PROBLEM REQUIREMENTS:
Whenever "along" occurs in a line of the material, list that line.

DATA RECORDS:
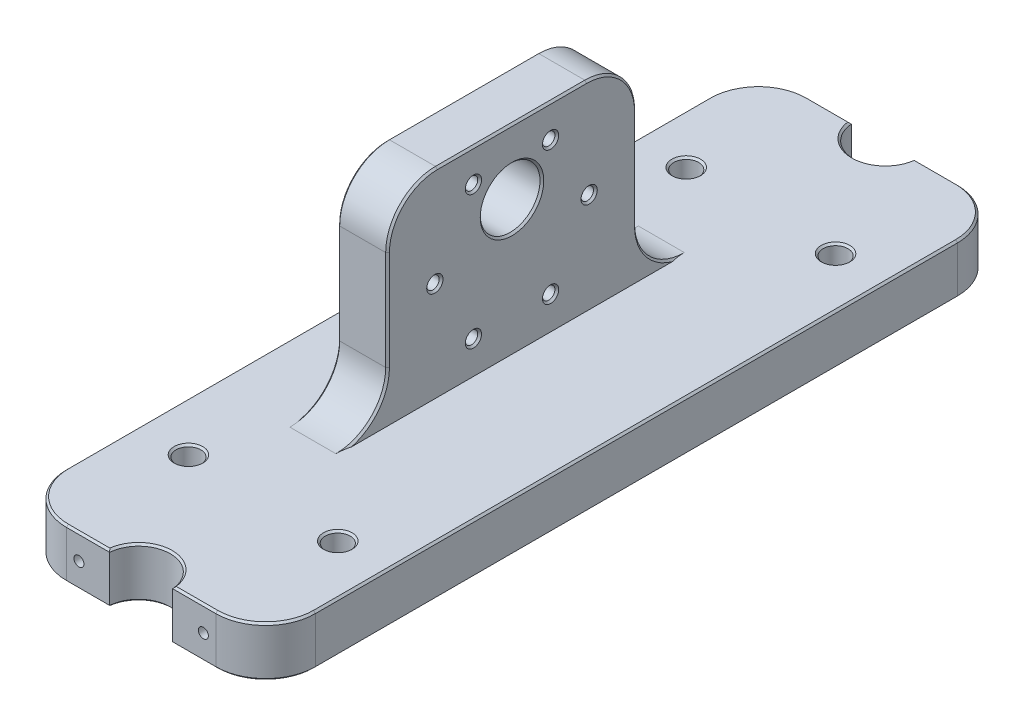
SolidWorks part; units mm, degrees
material "Nylon 101"
ref_plane "Front" through (0, 0, 0) normal (0, 0, 1) x (1, 0, 0)
ref_plane "Top" through (0, 0, 0) normal (0, 1, 0) x (1, 0, 0)
ref_plane "Right" through (0, 0, 0) normal (1, 0, 0) x (0, 0, -1)
sketch "Sketch1" plane through (0, 0, 0) normal (0, 1, 0) x (1, 0, 0)
  line L0 (-25, -75) -> (25, -75) construction
  line L1 (-15, 50) -> (15, 50) construction
  line L2 (0, -75) -> (0, 75) construction
  line L3 (-25, -75) -> (-25, 75)
  line L4 (25, -75) -> (25, 75)
  line L5 (25, 0) -> (0, 0) construction
  line L6 (25, 17) -> (97.2, 17)
  line L7 (25, 17) -> (25, -17)
  line L8 (25, -17) -> (97.2, -17)
  line L9 (97.2, 17) -> (97.2, -17)
  line L10 (-15, 50) -> (-15, -50) construction
  line L11 (-15, -50) -> (15, -50) construction
  line L12 (15, 50) -> (15, -50) construction
  line L13 (-25, -75.5) -> (25, -75.5)
  line L14 (-25, -74.5) -> (25, -74.5)
  line L15 (-25, 75.5) -> (25, 75.5)
  line L16 (-25, 74.5) -> (25, 74.5)
  circle A0 centre (0, 75) radius 6.35
  circle A1 centre (0, -75) radius 6.35
  arc A2 (-25, -75) -> (25, -75) centre (0, -75) ccw
  arc A3 (25, 75) -> (-25, 75) centre (0, 75) ccw
  circle A6 centre (-15, 50) radius 2.5
  circle A7 centre (-15, -50) radius 2.5
  circle A8 centre (15, -50) radius 2.5
  circle A9 centre (15, 50) radius 2.5
  point P8 (0, 0)
  point P24 (0, -50)
  dimension "D2" = 12.7
  dimension "D5" = 25
  dimension "D1" = 5
  dimension "D3" = 150
  dimension "D4" = 25
  dimension "D6" = 25
  dimension "D7" = 34
  dimension "D8" = 72.2
  dimension "D9" = 30
  dimension "D10" = 0.5
  dimension "D11" = 0.5
extrude "Boss-Extrude1" add sketch "Sketch1" along normal blind 10 contours A1 L14 L4 L16 A0 L3 A9 A8 A7 A6 region at (0, 0, 0)
sketch "Sketch2" plane through (0, 0, 0) normal (0, 1, 0) x (1, 0, 0)
  line L1 (0, 25) -> (-10, 25)
  line L2 (0, 25) -> (0, -25)
  line L3 (0, -25) -> (-10, -25)
  line L4 (-10, 25) -> (-10, -25)
  line L6 (25, 0) -> (0, 0) construction
  line L7 (25, 0) -> (0, 0) construction
  dimension "D1" = 50
  dimension "D2" = 10
extrude "Boss-Extrude2" add sketch "Sketch2" along normal blind 50
sketch "Sketch3" plane through (25, 0, 0) normal (1, 0, 0) x (0, 0, -1)
  line L0 (-25, 10) -> (25, 10) construction
  line L1 (0, 10) -> (0, 50) construction
  line L3 (-25, 50) -> (25, 50) construction
  circle A0 centre (0, 30) radius 15.5 construction
  circle A1 centre (0, 30) radius 18.4 construction
  circle A2 centre (-15.5, 30) radius 1.25
  circle A8 centre (0, 37) radius 3 construction
  circle A9 centre (0, 37) radius 6
  circle A10 centre (-7.75, 43.4234) radius 1.25
  circle A11 centre (7.75, 43.4234) radius 1.25
  circle A12 centre (15.5, 30) radius 1.25
  circle A13 centre (7.75, 16.5766) radius 1.25
  circle A14 centre (-7.75, 16.5766) radius 1.25
  dimension "D1" = 31
  dimension "D2" = 2.5
  dimension "D3" = 36.8
  dimension "D4" = 12
  dimension "D6" = 6
  dimension "D7" = 6
  dimension "D5" = 7
extrude "Cut-Extrude1" cut sketch "Sketch3" against normal through all
fillet "Fillet1" radius 10 8 edges at (-25, 5, -74.5) (25, 5, -74.5) (-25, 5, 74.5) (25, 5, 74.5) (-5, 10, -25) (-5, 50, -25) (-5, 50, 25) (-5, 10, 25)
sketch "Sketch4" plane through (0, 0, 74.5) normal (0, 0, 1) x (1, 0, 0)
  line L0 (-12.5, 0) -> (-12.5, 10) construction
  line L1 (-15, 0) -> (-6.3303, 0) construction
  line L2 (12.5, 10) -> (12.5, 0) construction
  line L3 (6.3303, 0) -> (15, 0) construction
  line L8 (-15, 10) -> (-6.3303, 10) construction
  line L9 (6.3303, 10) -> (15, 10) construction
  circle A0 centre (-12.5, 5) radius 1
  circle A1 centre (12.5, 5) radius 1
  dimension "D1" = 2
  dimension "D2" = 12.5
  dimension "D3" = 12.5
extrude "Cut-Extrude2" cut sketch "Sketch4" against normal blind 5
extrude "Cut-Extrude3" cut sketch "Sketch4<2>" along normal blind 5 from surface starting at face at (10.6651, 5, -74.5)
sketch "Sketch4<2>" plane through (0, 0, 74.5) normal (0, 0, 1) x (1, 0, 0) same geometry as "Sketch4"
chamfer "Chamfer1" distance 0.381 angle 45 60 edges at (0, 10, -68.65) (10.6651, 10, -74.5) (22.0711, 10, -71.5711) (25, 10, 0) (22.0711, 10, 71.5711) (10.6651, 10, 74.5) (0, 10, 68.65) (-10.6651, 10, 74.5) (-22.0711, 10, 71.5711) (-25, 10, 0) (-22.0711, 10, -71.5711) (-10.6651, 10, -74.5) (-15, 0, 52.5) (-15, 10, 52.5) (15, 0, 52.5) (15, 10, 52.5) (15, 0, -47.5) (15, 10, -47.5) (-15, 0, -47.5) (-15, 10, -47.5) (0, 30, -14.25) (-10, 30, -16.75) (0, 43.4234, -6.5) (-10, 43.4234, -9) (0, 43.4234, 9) (-10, 43.4234, 6.5) (0, 30, 16.75) (-10, 30, 14.25) (0, 16.5766, 9) (-10, 16.5766, 6.5) (0, 16.5766, -6.5) (-10, 16.5766, -9) (0, 37, 6) (-10, 37, -6) (0, 0, -68.65) (-10.6651, 0, -74.5) (10.6651, 0, -74.5) (-22.0711, 0, -71.5711) (22.0711, 0, -71.5711) (-25, 0, 0) (25, 0, 0) (-22.0711, 0, 71.5711) (22.0711, 0, 71.5711) (-10.6651, 0, 74.5) (0, 0, 68.65) (10.6651, 0, 74.5) (0, 12.9289, 27.9289) (0, 30, 25) (0, 47.0711, 22.0711) (0, 50, 0) (0, 47.0711, -22.0711) (0, 12.9289, -27.9289) (0, 30, -25) (-10, 12.9289, 27.9289) (-10, 30, 25) (-10, 47.0711, 22.0711) (-10, 50, 0) (-10, 47.0711, -22.0711) (-10, 30, -25) (-10, 12.9289, -27.9289)

OUTPUT OF THE TASK:
extrude "Boss-Extrude1" add sketch "Sketch1" along normal blind 10 contours A1 L14 L4 L16 A0 L3 A9 A8 A7 A6 region at (0, 0, 0)
extrude "Boss-Extrude2" add sketch "Sketch2" along normal blind 50
extrude "Cut-Extrude3" cut sketch "Sketch4<2>" along normal blind 5 from surface starting at face at (10.6651, 5, -74.5)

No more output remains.